__TASK BRIEF__. Below are some records; output exactly the lines from the line with "import ezdxf" to the line with "doc.linetypes.add(name, pattern=pattern)", both ends kept, and nothing more.

__DATA__.

Segment Open

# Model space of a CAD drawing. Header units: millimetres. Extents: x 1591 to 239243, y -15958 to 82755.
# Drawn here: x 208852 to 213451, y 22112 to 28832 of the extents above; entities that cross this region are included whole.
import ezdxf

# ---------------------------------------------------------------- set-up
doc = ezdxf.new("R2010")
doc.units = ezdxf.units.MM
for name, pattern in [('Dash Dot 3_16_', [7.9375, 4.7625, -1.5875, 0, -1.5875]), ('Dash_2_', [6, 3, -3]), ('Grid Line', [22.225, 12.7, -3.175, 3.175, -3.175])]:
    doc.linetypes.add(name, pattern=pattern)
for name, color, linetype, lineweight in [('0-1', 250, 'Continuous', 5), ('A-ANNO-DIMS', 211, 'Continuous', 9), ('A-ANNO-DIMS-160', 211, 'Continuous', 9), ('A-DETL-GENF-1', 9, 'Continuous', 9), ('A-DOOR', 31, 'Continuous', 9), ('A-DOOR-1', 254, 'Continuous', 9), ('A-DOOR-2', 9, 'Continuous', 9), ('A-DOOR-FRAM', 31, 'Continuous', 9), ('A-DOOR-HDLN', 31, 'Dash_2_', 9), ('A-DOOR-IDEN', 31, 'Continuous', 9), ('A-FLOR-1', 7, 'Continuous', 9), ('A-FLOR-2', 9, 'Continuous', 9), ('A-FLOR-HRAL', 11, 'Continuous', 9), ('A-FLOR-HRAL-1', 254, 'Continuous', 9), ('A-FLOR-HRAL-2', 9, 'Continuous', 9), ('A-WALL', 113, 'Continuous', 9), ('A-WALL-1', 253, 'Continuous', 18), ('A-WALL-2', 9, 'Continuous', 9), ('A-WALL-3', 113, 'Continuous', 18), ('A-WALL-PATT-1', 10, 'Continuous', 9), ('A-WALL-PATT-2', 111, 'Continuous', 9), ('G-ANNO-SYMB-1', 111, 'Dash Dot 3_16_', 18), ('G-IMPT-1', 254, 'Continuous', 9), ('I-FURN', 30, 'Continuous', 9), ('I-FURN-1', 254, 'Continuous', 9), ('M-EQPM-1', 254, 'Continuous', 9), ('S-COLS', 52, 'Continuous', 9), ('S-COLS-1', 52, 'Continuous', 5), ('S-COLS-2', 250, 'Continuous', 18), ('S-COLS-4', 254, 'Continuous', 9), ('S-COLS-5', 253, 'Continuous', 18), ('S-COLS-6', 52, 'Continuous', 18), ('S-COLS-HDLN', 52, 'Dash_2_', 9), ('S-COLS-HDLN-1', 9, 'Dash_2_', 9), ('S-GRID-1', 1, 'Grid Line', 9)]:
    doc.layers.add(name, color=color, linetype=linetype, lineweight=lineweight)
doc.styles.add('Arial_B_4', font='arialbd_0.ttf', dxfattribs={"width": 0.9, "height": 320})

Segment Closed

__RESPONSE FOR THIS EXERCISE__.
import ezdxf

# ---------------------------------------------------------------- set-up
doc = ezdxf.new("R2010")
doc.units = ezdxf.units.MM
for name, pattern in [('Dash Dot 3_16_', [7.9375, 4.7625, -1.5875, 0, -1.5875]), ('Dash_2_', [6, 3, -3]), ('Grid Line', [22.225, 12.7, -3.175, 3.175, -3.175])]:
    doc.linetypes.add(name, pattern=pattern)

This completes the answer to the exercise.